Start of RECORDS FOR THIS TASK

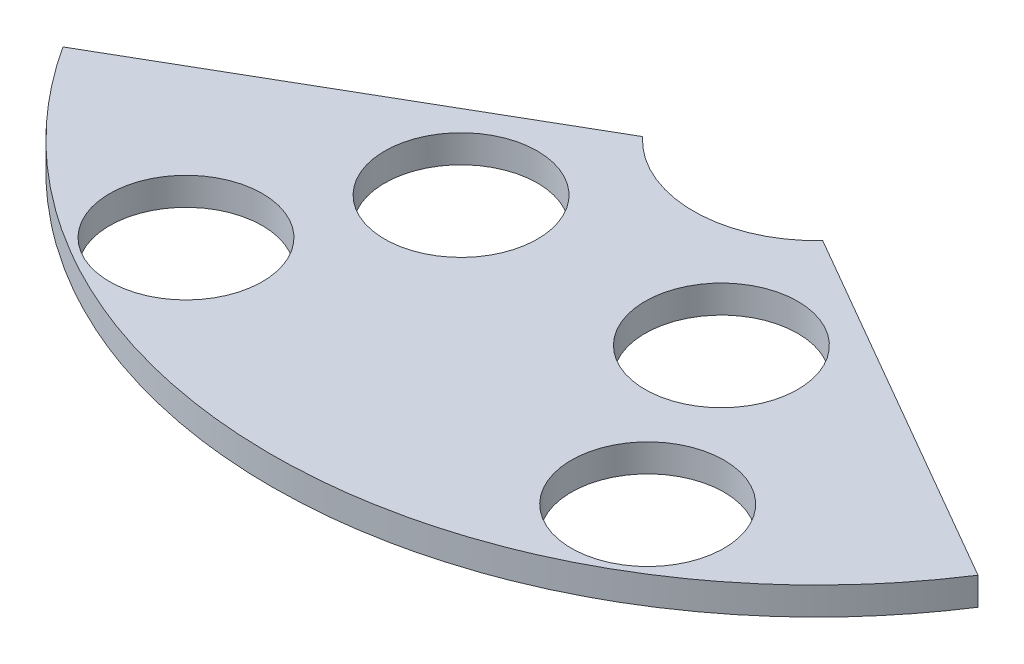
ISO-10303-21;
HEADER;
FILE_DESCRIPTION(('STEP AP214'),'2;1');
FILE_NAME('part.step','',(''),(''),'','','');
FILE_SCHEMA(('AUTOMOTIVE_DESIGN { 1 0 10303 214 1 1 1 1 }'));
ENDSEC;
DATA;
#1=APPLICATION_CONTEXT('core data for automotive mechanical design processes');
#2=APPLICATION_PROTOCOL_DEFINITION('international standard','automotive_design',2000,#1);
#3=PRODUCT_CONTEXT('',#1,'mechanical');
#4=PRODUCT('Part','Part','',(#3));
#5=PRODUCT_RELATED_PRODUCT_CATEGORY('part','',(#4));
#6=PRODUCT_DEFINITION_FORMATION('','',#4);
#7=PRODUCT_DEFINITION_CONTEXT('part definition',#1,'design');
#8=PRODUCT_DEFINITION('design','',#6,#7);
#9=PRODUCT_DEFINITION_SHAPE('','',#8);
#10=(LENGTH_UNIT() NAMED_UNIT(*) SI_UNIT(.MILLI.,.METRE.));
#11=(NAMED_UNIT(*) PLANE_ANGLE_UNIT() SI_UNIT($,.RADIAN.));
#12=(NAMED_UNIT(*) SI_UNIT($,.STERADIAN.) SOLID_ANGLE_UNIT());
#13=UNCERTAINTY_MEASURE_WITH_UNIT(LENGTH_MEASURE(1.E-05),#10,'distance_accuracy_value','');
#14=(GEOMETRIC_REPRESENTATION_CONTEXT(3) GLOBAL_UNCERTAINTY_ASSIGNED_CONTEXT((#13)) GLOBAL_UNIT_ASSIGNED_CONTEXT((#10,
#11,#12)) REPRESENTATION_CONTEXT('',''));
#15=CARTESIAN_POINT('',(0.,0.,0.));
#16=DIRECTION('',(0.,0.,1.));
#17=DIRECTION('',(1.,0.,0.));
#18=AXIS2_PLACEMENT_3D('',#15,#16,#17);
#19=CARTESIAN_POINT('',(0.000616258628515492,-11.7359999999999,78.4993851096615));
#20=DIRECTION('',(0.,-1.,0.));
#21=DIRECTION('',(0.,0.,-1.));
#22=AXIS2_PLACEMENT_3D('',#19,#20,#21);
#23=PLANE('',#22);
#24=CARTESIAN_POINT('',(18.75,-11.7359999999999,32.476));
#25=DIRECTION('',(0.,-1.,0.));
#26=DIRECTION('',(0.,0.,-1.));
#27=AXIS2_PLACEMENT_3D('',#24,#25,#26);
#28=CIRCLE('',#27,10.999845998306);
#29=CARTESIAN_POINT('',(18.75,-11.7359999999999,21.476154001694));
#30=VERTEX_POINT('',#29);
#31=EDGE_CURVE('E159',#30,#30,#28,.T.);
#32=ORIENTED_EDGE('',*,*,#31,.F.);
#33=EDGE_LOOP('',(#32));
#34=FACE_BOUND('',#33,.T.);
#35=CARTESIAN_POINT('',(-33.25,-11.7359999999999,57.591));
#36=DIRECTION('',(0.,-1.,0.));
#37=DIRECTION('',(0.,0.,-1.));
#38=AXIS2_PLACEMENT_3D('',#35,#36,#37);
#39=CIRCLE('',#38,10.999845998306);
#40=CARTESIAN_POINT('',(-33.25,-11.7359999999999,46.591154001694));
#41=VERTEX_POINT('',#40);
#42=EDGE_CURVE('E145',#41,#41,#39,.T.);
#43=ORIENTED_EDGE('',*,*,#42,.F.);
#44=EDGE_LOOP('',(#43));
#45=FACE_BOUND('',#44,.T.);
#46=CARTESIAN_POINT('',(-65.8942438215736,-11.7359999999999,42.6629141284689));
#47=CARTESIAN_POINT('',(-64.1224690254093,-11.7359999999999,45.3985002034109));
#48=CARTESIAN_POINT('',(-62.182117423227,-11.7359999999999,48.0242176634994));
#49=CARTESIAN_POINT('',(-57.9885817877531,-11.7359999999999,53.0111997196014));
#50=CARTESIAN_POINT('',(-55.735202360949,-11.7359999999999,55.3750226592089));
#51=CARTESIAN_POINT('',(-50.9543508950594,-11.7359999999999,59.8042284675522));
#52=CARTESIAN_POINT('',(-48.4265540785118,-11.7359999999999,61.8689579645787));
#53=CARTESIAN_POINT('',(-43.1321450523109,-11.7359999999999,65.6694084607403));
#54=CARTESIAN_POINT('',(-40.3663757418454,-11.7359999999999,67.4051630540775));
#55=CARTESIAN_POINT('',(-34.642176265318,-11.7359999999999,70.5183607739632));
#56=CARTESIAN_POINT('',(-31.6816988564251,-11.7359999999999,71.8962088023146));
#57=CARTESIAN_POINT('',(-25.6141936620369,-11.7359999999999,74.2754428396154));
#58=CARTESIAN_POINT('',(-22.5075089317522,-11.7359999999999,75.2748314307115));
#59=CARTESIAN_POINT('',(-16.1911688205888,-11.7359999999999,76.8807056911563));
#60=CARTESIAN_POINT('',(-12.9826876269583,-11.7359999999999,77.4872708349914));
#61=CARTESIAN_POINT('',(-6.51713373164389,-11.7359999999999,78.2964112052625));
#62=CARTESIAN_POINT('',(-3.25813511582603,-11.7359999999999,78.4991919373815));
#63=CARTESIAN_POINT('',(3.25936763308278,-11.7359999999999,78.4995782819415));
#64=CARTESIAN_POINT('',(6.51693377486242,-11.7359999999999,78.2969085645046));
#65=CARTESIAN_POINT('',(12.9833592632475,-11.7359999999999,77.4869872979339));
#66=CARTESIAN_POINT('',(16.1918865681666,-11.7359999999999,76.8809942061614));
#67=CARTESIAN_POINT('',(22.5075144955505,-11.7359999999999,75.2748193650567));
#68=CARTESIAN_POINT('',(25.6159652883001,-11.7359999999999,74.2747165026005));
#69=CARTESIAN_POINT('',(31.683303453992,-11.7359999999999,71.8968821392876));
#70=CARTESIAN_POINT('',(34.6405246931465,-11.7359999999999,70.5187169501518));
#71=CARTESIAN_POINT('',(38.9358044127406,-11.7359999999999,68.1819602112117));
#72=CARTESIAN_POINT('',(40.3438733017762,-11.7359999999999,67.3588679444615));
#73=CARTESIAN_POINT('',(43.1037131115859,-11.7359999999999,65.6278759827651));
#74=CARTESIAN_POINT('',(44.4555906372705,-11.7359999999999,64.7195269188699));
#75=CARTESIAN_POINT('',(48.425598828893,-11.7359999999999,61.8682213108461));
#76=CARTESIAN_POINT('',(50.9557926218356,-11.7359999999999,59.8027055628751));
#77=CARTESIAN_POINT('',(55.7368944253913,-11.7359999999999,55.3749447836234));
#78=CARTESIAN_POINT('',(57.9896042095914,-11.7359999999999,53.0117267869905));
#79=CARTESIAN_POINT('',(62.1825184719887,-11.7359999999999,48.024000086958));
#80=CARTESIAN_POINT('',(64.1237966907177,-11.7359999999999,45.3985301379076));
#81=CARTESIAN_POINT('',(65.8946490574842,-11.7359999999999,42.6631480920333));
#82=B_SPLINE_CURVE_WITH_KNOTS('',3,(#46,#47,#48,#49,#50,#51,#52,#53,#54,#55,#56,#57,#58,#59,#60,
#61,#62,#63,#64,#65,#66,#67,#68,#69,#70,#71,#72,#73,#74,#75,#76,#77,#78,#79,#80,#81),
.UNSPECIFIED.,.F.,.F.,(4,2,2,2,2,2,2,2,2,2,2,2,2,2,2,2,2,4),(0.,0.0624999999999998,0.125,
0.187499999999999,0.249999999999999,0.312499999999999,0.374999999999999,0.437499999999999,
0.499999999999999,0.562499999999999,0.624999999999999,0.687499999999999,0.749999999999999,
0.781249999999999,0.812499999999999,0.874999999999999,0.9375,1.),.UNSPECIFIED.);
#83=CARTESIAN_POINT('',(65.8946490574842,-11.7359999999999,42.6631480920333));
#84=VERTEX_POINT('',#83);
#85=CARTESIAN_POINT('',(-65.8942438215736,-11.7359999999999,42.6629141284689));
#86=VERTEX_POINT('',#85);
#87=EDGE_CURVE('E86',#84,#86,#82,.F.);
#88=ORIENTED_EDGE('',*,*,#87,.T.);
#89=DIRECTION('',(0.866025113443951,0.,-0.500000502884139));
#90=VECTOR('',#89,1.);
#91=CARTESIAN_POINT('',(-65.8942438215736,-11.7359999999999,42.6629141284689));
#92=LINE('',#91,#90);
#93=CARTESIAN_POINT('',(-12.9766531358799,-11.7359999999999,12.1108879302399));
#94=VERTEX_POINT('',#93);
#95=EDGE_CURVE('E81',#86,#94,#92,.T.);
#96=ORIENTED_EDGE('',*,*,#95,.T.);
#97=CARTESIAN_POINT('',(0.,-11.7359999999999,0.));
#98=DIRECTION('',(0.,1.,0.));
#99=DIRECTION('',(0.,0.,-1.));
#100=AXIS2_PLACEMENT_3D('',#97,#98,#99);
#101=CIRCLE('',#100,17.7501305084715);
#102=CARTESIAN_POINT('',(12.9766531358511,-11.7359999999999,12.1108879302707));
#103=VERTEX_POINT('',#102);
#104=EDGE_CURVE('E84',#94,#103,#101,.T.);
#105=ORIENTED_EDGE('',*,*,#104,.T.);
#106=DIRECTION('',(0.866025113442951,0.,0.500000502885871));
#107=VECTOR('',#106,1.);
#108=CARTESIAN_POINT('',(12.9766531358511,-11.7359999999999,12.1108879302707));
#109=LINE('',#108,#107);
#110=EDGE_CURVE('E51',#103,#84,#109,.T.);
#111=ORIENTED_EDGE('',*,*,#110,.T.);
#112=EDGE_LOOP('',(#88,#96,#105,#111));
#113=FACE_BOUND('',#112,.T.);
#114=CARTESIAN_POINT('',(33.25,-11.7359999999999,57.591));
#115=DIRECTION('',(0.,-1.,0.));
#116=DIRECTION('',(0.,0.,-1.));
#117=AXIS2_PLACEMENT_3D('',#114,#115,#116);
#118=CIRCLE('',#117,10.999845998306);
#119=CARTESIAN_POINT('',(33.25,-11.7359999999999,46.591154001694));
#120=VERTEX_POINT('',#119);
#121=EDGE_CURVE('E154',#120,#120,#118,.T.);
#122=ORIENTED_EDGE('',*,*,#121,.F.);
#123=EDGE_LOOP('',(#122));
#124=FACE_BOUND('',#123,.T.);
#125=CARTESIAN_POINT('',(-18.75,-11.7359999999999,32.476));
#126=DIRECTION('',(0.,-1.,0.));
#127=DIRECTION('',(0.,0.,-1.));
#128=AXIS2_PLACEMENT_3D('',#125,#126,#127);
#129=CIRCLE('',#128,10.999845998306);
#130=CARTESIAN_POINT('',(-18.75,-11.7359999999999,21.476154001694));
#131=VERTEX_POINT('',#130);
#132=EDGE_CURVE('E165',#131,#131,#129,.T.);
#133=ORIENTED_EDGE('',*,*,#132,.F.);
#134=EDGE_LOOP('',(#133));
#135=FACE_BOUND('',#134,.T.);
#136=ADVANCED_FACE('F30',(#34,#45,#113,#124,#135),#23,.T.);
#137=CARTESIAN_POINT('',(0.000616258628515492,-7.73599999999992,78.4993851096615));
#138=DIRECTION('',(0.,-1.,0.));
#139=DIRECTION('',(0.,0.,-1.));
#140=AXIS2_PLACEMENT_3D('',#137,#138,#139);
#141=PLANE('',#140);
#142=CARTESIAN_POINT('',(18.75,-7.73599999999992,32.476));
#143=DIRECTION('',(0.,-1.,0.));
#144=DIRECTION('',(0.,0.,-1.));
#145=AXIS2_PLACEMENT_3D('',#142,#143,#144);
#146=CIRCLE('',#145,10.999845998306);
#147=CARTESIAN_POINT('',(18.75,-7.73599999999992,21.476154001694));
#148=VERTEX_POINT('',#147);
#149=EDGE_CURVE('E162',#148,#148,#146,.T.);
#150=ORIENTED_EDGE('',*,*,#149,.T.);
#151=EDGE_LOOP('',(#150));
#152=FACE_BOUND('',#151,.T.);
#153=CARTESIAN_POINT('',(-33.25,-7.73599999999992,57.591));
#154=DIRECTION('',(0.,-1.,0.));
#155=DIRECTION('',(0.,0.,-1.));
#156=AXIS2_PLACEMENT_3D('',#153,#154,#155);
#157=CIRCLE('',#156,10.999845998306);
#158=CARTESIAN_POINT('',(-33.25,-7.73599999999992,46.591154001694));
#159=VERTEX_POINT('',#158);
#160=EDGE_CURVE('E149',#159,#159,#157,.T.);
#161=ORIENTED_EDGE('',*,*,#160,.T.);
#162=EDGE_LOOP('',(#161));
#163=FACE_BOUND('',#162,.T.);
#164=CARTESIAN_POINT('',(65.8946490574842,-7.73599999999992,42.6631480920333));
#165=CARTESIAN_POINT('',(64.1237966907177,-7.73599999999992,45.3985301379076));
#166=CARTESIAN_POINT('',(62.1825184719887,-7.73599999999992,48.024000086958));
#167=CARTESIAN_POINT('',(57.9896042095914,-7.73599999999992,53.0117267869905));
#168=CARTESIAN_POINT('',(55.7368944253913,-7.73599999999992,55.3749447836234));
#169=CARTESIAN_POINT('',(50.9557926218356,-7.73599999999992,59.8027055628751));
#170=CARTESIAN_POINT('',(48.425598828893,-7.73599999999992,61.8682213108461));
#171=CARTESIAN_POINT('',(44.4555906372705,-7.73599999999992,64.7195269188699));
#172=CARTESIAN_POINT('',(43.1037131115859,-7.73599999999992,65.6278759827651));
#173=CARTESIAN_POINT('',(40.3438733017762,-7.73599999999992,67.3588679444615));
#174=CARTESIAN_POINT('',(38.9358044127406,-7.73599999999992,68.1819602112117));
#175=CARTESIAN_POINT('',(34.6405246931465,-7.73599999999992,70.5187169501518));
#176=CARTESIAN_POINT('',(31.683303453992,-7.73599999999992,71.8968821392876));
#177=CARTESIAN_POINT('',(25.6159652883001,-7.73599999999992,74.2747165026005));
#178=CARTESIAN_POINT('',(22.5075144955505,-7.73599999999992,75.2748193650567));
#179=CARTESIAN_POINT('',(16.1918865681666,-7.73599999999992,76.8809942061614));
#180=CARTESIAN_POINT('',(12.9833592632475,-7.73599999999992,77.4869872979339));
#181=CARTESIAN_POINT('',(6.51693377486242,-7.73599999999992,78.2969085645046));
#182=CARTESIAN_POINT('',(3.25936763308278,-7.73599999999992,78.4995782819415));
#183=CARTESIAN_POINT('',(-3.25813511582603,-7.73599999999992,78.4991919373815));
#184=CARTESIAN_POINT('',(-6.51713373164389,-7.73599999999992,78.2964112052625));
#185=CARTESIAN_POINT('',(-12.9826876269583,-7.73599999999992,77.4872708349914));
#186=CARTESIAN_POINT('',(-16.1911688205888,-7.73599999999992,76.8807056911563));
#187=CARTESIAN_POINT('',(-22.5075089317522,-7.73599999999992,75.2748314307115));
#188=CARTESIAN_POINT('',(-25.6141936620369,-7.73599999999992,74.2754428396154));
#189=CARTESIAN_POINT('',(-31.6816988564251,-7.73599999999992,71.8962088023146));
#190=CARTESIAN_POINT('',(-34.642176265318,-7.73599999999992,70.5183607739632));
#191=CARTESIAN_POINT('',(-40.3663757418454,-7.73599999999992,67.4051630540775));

End of RECORDS FOR THIS TASK

• **AIM OF THE EXERCISE**:
Taking the entries above, write out exactly the lines starting with the line containing "#103=VERTEX_POINT('',#102);" and going on through the line containing "#111=ORIENTED_EDGE('',*,*,#110,.T.);", both included, and nothing else.

• **TASK RESPONSE**:
#103=VERTEX_POINT('',#102);
#104=EDGE_CURVE('E84',#94,#103,#101,.T.);
#105=ORIENTED_EDGE('',*,*,#104,.T.);
#106=DIRECTION('',(0.866025113442951,0.,0.500000502885871));
#107=VECTOR('',#106,1.);
#108=CARTESIAN_POINT('',(12.9766531358511,-11.7359999999999,12.1108879302707));
#109=LINE('',#108,#107);
#110=EDGE_CURVE('E51',#103,#84,#109,.T.);
#111=ORIENTED_EDGE('',*,*,#110,.T.);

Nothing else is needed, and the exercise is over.